* _What the task asks_
Nothing but the lines from the start of the entries below through the line containing "line L10 (-76.2, 71.12)" should appear in the answer, copied exactly and free of pictures.

* _Available data_
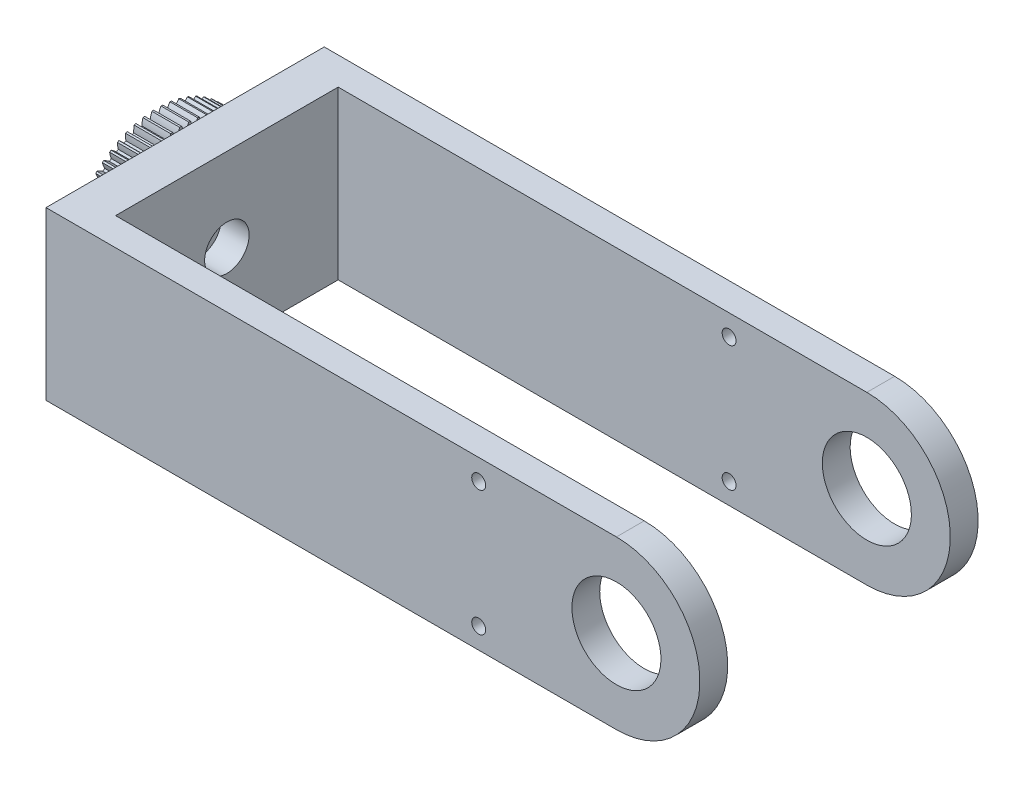
SolidWorks part; units mm, degrees
ref_plane "Plane1" through (0, 0, 0) normal (0, 0, 1) x (1, 0, 0)
ref_plane "Plane2" through (0, 0, 0) normal (0, 1, 0) x (1, 0, 0)
ref_plane "Plane3" through (0, 0, 0) normal (1, 0, 0) x (0, 0, -1)
other "Configuration Table"
sketch "HoldingSke" plane through (0, 0, 0) normal (0, 1, 0) x (1, 0, 0)
  line L0 (0, 0) -> (0.5, -0.866)
  line L1 (-15, 0) -> (100, 0) construction
  line L2 (0, 0) -> (-2.1039, 2.3779)
  line L3 (0, 0) -> (-11.863, 4.5341)
  line L4 (0, 0) -> (4.318, 7.479)
  line L5 (0, 0) -> (-46.8476, -17.4728)
  line L6 (0, 0) -> (-20.7241, -13.9826)
  line L7 (-2.1039, 2.3779) -> (8.6586, 51.2059)
  line L8 (-76.2, 54.61) -> (-74.4, 54.61)
  line L9 (-71.009, 38.7566) -> (-53.1078, 45.2721)
  line L10 (-76.2, 71.12) -> (104.1128, 71.12)
  line L11 (0, 0) -> (-25, 0)
  line L12 (-76.2, 101.6) -> (-76.162, 101.6)
  line L13 (24.9733, 27.94) -> (52.9518, 28.4284)
  line L14 (24.9733, 27.94) -> (24.9743, 27.94)
  line L15 (24.9733, 27.94) -> (100.4006, 29.5858)
  line L16 (-63.627, -1) -> (-12.827, -1)
  circle A0 centre (0, 0) radius 5
  circle A1 centre (0, 0) radius 28.749
  circle A2 centre (0, 0) radius 37.5
  circle A3 centre (0, 0) radius 5
  dimension "MHD" = 57.498
  dimension "Hub_dia" = 75
  dimension "Bore" = 10
  dimension "MBD" = 10
  dimension "Num_teeth" = 60
  dimension "Pitch" = 1
  dimension "Overall_len" = 50
  dimension "Show_teeth" = 60
  dimension "Thickness" = 25
  dimension "OAL" = 50.0001
  dimension "T_dim" = 1.8
  dimension "Ap" = 20
  dimension "H" = 19.05
  dimension "Pitch_radius" = 180.3128
  dimension "Width" = 25
  dimension "Backlash" = 0.038
  dimension "Addendum_fac" = 1
  dimension "Dedendum_fac" = 1.25
  dimension "Clearance_fac" = 0.25
  dimension "Dedendum_add" = 0.001
  dimension "Module" = 1
sketch "BasProSke" plane through (0, 0, 0) normal (0, 1, 0) x (1, 0, 0)
  line L0 (-10, 0) -> (60, 0) construction
  line L1 (0, 0) -> (0, 31)
  line L2 (0, 0) -> (25, 0)
  line L3 (25, 0) -> (25, 31)
  line L4 (25, 31) -> (0, 31)
  dimension "Thickness" = 25
  dimension "Diameter" = 62
revolve "Base-Revolve" add sketch "BasProSke" angle 360 about L0
sketch "TooCutSke" plane through (0, 0, 0) normal (1, 0, 0) x (0, 0, -1)
  line L1 (0, 0) -> (0, 107) construction
  line L2 (0, 0) -> (-0.8518, 29.9879) construction
  line L3 (0, 0) -> (-3.1393, 59.9006) construction
  line L4 (-0.8518, 29.9879) -> (-1.5696, 29.9503) construction
  arc A0 (0.4302, 28.7458) -> (-0.4302, 28.7458) centre (0, 0) ccw
  arc A1 (1.3127, 30.9976) -> (-1.3127, 30.9976) centre (0, 0) ccw
  circle A2 centre (0, 0) radius 30 construction
  circle A3 centre (0, 0) radius 28.1908 construction
  arc A4 (-0.4302, 28.7458) -> (-1.3127, 30.9976) centre (-11.9871, 25.5153) ccw
  arc A5 (1.3127, 30.9976) -> (0.4302, 28.7458) centre (11.9871, 25.5153) ccw
  dimension "Root_dia" = 57.498
  dimension "Overcut_dia" = 62.0508
  dimension "Pitch_dia" = 60
  dimension "Base_dia" = 56.3816
  dimension "Flank_rad" = 12
  dimension "Half_ang" = 3
  dimension "Half_CT" = 0.7188
extrude "ToothCut" cut sketch "TooCutSke" along normal through all
fillet "Breaks" [suppressed] radius 0.02 tangent propagation no
fillet "RootFillets" [suppressed] radius 0.251
pattern_circular "TeethCuts" count 60 every 6 about axis through (-10, 0, 0) along (1, 0, 0) of "ToothCut", "RootFillets", "Breaks"
sketch "HubNeaOneSke" plane through (0, 0, 0) normal (-1, 0, 0) x (0, 0, 1)
  circle A0 centre (0, 0) radius 28.749
  dimension "Diameter" = 57.498
extrude "HubNearOne" [suppressed] add sketch "HubNeaOneSke" along normal blind 25.0001
sketch "HubNeaBotSke" plane through (0, 0, 0) normal (-1, 0, 0) x (0, 0, 1)
  circle A0 centre (0, 0) radius 28.749
  dimension "Diameter" = 57.498
extrude "HubNearBoth" [suppressed] add sketch "HubNeaBotSke" along normal blind 12.5
ref_plane "FarPln" through (25, 0, 0) normal (1, 0, 0) x (0, 0, -1)
sketch "HubFarSke" plane through (25, 0, 0) normal (1, 0, 0) x (0, 0, -1)
  circle A0 centre (0, 0) radius 28.749
  dimension "Diameter" = 57.498
extrude "HubFar" [suppressed] add sketch "HubFarSke" along normal blind 12.5
sketch "BorSke" plane through (0, 0, 0) normal (1, 0, 0) x (0, 0, -1)
  circle A0 centre (0, 0) radius 5
  dimension "Diameter" = 10
extrude "Bore" cut sketch "BorSke" along normal mid plane 100.0001
sketch "KeySke" plane through (0, 0, 0) normal (1, 0, 0) x (0, 0, -1)
  line L0 (-2, 0) -> (-2, 6.8)
  line L1 (-2, 6.8) -> (2, 6.8)
  line L2 (2, 6.8) -> (2, 0)
  line L3 (0, 0) -> (0, 34) construction
  line L4 (-2, 0) -> (2, 0)
  dimension "Offset" = 6.8
  dimension "Width" = 4
extrude "Keyway" [suppressed] cut sketch "KeySke" along normal mid plane 100.0001
pattern_circular "Keyway2" [suppressed] count 2 every 90 about axis through (-10, 0, 0) along (1, 0, 0) reverse direction yes
sketch "Sketch4" plane through (25, 0, 0) normal (1, 0, 0) x (0, 0, -1)
  line L1 (-50, 30) -> (50, 30)
  line L2 (-50, 30) -> (-50, -30)
  line L3 (-50, -30) -> (50, -30)
  line L4 (50, 30) -> (50, -30)
  line L5 (-50, 30) -> (50, -30) construction
  line L6 (-50, -30) -> (50, 30) construction
  point P0 (0, 0)
  dimension "D1" = 100
  dimension "D2" = 60
extrude "Boss-Extrude2" add sketch "Sketch4" along normal blind 15
sketch "Sketch6" plane through (40, 0, 0) normal (1, 0, 0) x (0, 0, -1)
  line L0 (-50, -30) -> (50, -30) construction
  line L1 (-50, 30) -> (-40, 30)
  line L2 (-50, 30) -> (-50, -30)
  line L3 (-50, -30) -> (-40, -30)
  line L4 (-40, 30) -> (-40, -30)
  line L6 (50, 30) -> (40, 30)
  line L7 (50, 30) -> (50, -30)
  line L8 (50, -30) -> (40, -30)
  line L9 (40, 30) -> (40, -30)
  dimension "D1" = 10
extrude "Boss-Extrude3" add sketch "Sketch6" along normal blind 220
sketch "Sketch7" plane through (0, 0, 0) normal (-1, 0, 0) x (0, 0, 1)
  circle A0 centre (0, 0) radius 46.2966
extrude "Cut-Extrude1" cut sketch "Sketch7" against normal blind 15
sketch "Sketch8" plane through (15, 0, 0) normal (-1, 0, 0) x (0, 0, 1)
  circle A0 centre (0, 0) radius 10
  circle A1 centre (0, 0) radius 5 construction
  circle A2 centre (0, 0) radius 5
  dimension "D1" = 20
extrude "Boss-Extrude4" add sketch "Sketch8" along normal blind 1
sketch "Sketch9" plane through (14, 0, 0) normal (-1, 0, 0) x (0, 0, 1)
  circle A0 centre (0, 0) radius 5
  dimension "D1" = 10
extrude "Cut-Extrude2" cut sketch "Sketch9" against normal through all
sketch "Sketch10" plane through (15, 0, 0) normal (-1, 0, 0) x (0, 0, 1)
  circle A0 centre (0, 0) radius 30
  dimension "D1" = 60
fillet "Fillet1" 2 edges at (260, 30, -45) (260, -30, -45) type full round first side face at (73.5, 30, 0) second side face at (73.5, -30, 0) middle face at (260, 0, -45)
fillet "Fillet2" 2 edges at (260, 30, 45) (260, -30, 45) type full round first side face at (70.5, 30, 0) second side face at (70.5, -30, 0) middle face at (260, 0, 45)
sketch "Sketch11" plane through (0, 0, -50) normal (0, 0, -1) x (-1, 0, 0)
  circle A0 centre (-230, 0) radius 16
  dimension "D1" = 32
extrude "Cut-Extrude3" cut sketch "Sketch11" against normal through all
sketch "Sketch12" plane through (40, 0, 0) normal (1, 0, 0) x (0, 0, -1)
  circle A0 centre (0, 0) radius 8
  dimension "D1" = 16
extrude "Cut-Extrude4" cut sketch "Sketch12" against normal blind 10
sketch "Sketch13" plane through (0, 0, -50) normal (0, 0, -1) x (-1, 0, 0)
  line L0 (-180.5, -22.5) -> (-180.5, 22.5) construction
  line L1 (-230, 30) -> (-25, 30) construction
  circle A0 centre (-180.5, 22.5) radius 2.5
  circle A1 centre (-180.5, -22.5) radius 2.5
  circle A2 centre (-230, 0) radius 16 construction
  point P6 (-180.5, 0)
  dimension "D1" = 49.5
  dimension "D2" = 5
  dimension "D3" = 45
  dimension "D4" = 30
extrude "Cut-Extrude5" cut sketch "Sketch13" against normal through all
equation "' \"Module@HoldingSke\" = 6.35"
equation "' \"Num_teeth@HoldingSke\" = 12"
equation "' \"Ap@HoldingSke\" =  20"
equation "' \"Ap@HoldingSke\" = 20"
equation "' \"Width@HoldingSke\" = 0.5 * 25.4"
equation "' \"Hub_dia@HoldingSke\"= 1 * 25.4"
equation "' \"Hub_dia@HoldingSke\" = 1 * 25.4"
equation "' \"Overall_len@HoldingSke\" = 1.0 * 25.4"
equation "' \"Bore@HoldingSke\" = 0.75 * 25.4"
equation "' \"T_dim@HoldingSke\" = 0.1 * 25.4"
equation "' \"Width@KeySke\" = 0.25 * 25.4"
equation "' \"Show_teeth@HoldingSke\" = 13"
equation "' \"Backlash@HoldingSke\" = 0.009 * 25.4"
equation "' \"Addendum_fac@HoldingSke\" = 1.0"
equation "' \"Dedendum_fac@HoldingSke\" = 1.25"
equation "' \"Dedendum_add@HoldingSke\" = 0.00005 * 25.4"
equation "' \"Clearance_fac@HoldingSke\" = 0.25"
equation "\"Pitch@HoldingSke\" = 1 / \"Module@HoldingSke\""
equation "\"Overcut_dia@TooCutSke\" = (\"Num_teeth@HoldingSke\" + 2 * \"Addendum_fac@HoldingSke\") / \"Pitch@HoldingSke\" + 0.002 * 25.4"
equation "\"Pitch_dia@TooCutSke\" = \"Num_teeth@HoldingSke\" / \"Pitch@HoldingSke\""
equation "\"Base_dia@TooCutSke\" = \"Num_teeth@HoldingSke\" / \"Pitch@HoldingSke\" * cos((\"Ap@HoldingSke\"  * 3.14159265 / 180))"
equation "\"Root_dia@TooCutSke\" = (\"Num_teeth@HoldingSke\" + 2) / \"Pitch@HoldingSke\" - 2 * (\"Addendum_fac@HoldingSke\" + \"Dedendum_fac@HoldingSke\") / \"Pitch@HoldingSke\" - \"Dedendum_add@HoldingSke\" * 2"
equation "\"Half_ang@TooCutSke\" = 180 / \"Num_teeth@HoldingSke\""
equation "\"Half_CT@TooCutSke\" = \"Num_teeth@HoldingSke\" / \"Pitch@HoldingSke\" * sin((3.14159265 / 2 / \"Num_teeth@HoldingSke\")) / 2 - 7 * \"Backlash@HoldingSke\" / 4"
equation "\"Flank_rad@TooCutSke\" = \"Num_teeth@HoldingSke\" / \"Pitch@HoldingSke\" / 5"
equation "\"Radius@RootFillets\" = \"Clearance_fac@HoldingSke\" / \"Pitch@HoldingSke\" + \"Dedendum_add@HoldingSke\""
equation "\"Break_rad@Breaks\" = 0.02 / \"Pitch@HoldingSke\""
equation "\"Thickness@HoldingSke\" = \"Width@HoldingSke\""
equation "\"OAL@HoldingSke\" = \"Thickness@HoldingSke\""
equation "\"MHD@HoldingSke\" = (\"Num_teeth@HoldingSke\" + 2) / \"Pitch@HoldingSke\" - 2 * (\"Addendum_fac@HoldingSke\" + \"Dedendum_fac@HoldingSke\")  / \"Pitch@HoldingSke\" - \"Dedendum_add@HoldingSke\" * 2"
equation "\"MBD@HoldingSke\" = (\"Num_teeth@HoldingSke\" + 2) / \"Pitch@HoldingSke\" - 2 * (\"Addendum_fac@HoldingSke\" + \"Dedendum_fac@HoldingSke\")  / \"Pitch@HoldingSke\" - \"Dedendum_add@HoldingSke\" * 2 - 0.002 * 25.4"
equation "\"MHD@HoldingSke\" = ((sgn( \"MHD@HoldingSke\" - \"Hub_dia@HoldingSke\" )-1)*( \"MHD@HoldingSke\" - \"Hub_dia@HoldingSke\" ))/-2+ \"Hub_dia@HoldingSke\""
equation "\"MBD@HoldingSke\" = ((sgn( \"MBD@HoldingSke\" - \"Bore@HoldingSke\" )-1)*( \"MBD@HoldingSke\" - \"Bore@HoldingSke\" ))/-2+ \"Bore@HoldingSke\""
equation "\"OAL@HoldingSke\" = ((sgn( \"OAL@HoldingSke\" - \"Overall_len@HoldingSke\" )+1)*( \"OAL@HoldingSke\" - \"Overall_len@HoldingSke\" ))/2 + \"Overall_len@HoldingSke\" + 0.000002 * 25.4"
equation "\"Num_teeth@TeethCuts\" = int( \"Show_teeth@HoldingSke\" ) + 1"
equation "\"Num_teeth@TeethCuts\" = ((sgn( \"Num_teeth@TeethCuts\" - \"Num_teeth@HoldingSke\" )-1)*( \"Num_teeth@TeethCuts\" - \"Num_teeth@HoldingSke\" ))/-2+ \"Num_teeth@HoldingSke\""
equation "\"Num_teeth@TeethCuts\" = ((sgn( \"Num_teeth@TeethCuts\" - 2.0)+1)*( \"Num_teeth@TeethCuts\" - 2.0))/2 +2.0"
equation "\"Angle@TeethCuts\" = 360.0 / \"Num_teeth@HoldingSke\""
equation "\"Diameter@BasProSke\" = (\"Num_teeth@HoldingSke\" + 2 * \"Addendum_fac@HoldingSke\") / \"Pitch@HoldingSke\""
equation "\"Thickness@BasProSke\"  = \"Thickness@HoldingSke\""
equation "' \"Fillet_rad@BasProSke\" =  \"Thickness@HoldingSke\" * 0.05"
equation "' \"Fillet_rad@BasProSke\" = \"Thickness@HoldingSke\" * 0.05"
equation "\"MHD@HoldingSke\" = ((sgn( \"MHD@HoldingSke\" - \"Root_dia@TooCutSke\" )-1)*( \"MHD@HoldingSke\" - \"Root_dia@TooCutSke\" ))/-2+ \"Root_dia@TooCutSke\""
equation "\"Diameter@HubNeaOneSke\" = \"MHD@HoldingSke\""
equation "\"Length@HubNearOne\" = \"OAL@HoldingSke\" - \"Thickness@BasProSke\""
equation "\"Diameter@HubNeaBotSke\" = \"MHD@HoldingSke\""
equation "\"Length@HubNearBoth\" = ( \"OAL@HoldingSke\" - \"Thickness@BasProSke\" ) / 2.0"
equation "\"Thickness@FarPln\" = \"Thickness@BasProSke\""
equation "\"Diameter@HubFarSke\" = \"MHD@HoldingSke\""
equation "\"Length@HubFar\" = ( \"OAL@HoldingSke\" - \"Thickness@BasProSke\" ) / 2.0"
equation "\"Diameter@BorSke\" = \"MBD@HoldingSke\""
equation "\"D1@Bore\" = \"OAL@HoldingSke\" * 2.0"
equation "\"D1@Keyway\" = \"OAL@HoldingSke\" * 2.0"
equation "\"Offset@KeySke\" = \"T_dim@HoldingSke\" + \"MBD@HoldingSke\" / 2.0"

* _Exercise solution_
SolidWorks part; units mm, degrees
ref_plane "Plane1" through (0, 0, 0) normal (0, 0, 1) x (1, 0, 0)
ref_plane "Plane2" through (0, 0, 0) normal (0, 1, 0) x (1, 0, 0)
ref_plane "Plane3" through (0, 0, 0) normal (1, 0, 0) x (0, 0, -1)
other "Configuration Table"
sketch "HoldingSke" plane through (0, 0, 0) normal (0, 1, 0) x (1, 0, 0)
  line L0 (0, 0) -> (0.5, -0.866)
  line L1 (-15, 0) -> (100, 0) construction
  line L2 (0, 0) -> (-2.1039, 2.3779)
  line L3 (0, 0) -> (-11.863, 4.5341)
  line L4 (0, 0) -> (4.318, 7.479)
  line L5 (0, 0) -> (-46.8476, -17.4728)
  line L6 (0, 0) -> (-20.7241, -13.9826)
  line L7 (-2.1039, 2.3779) -> (8.6586, 51.2059)
  line L8 (-76.2, 54.61) -> (-74.4, 54.61)
  line L9 (-71.009, 38.7566) -> (-53.1078, 45.2721)
  line L10 (-76.2, 71.12) -> (104.1128, 71.12)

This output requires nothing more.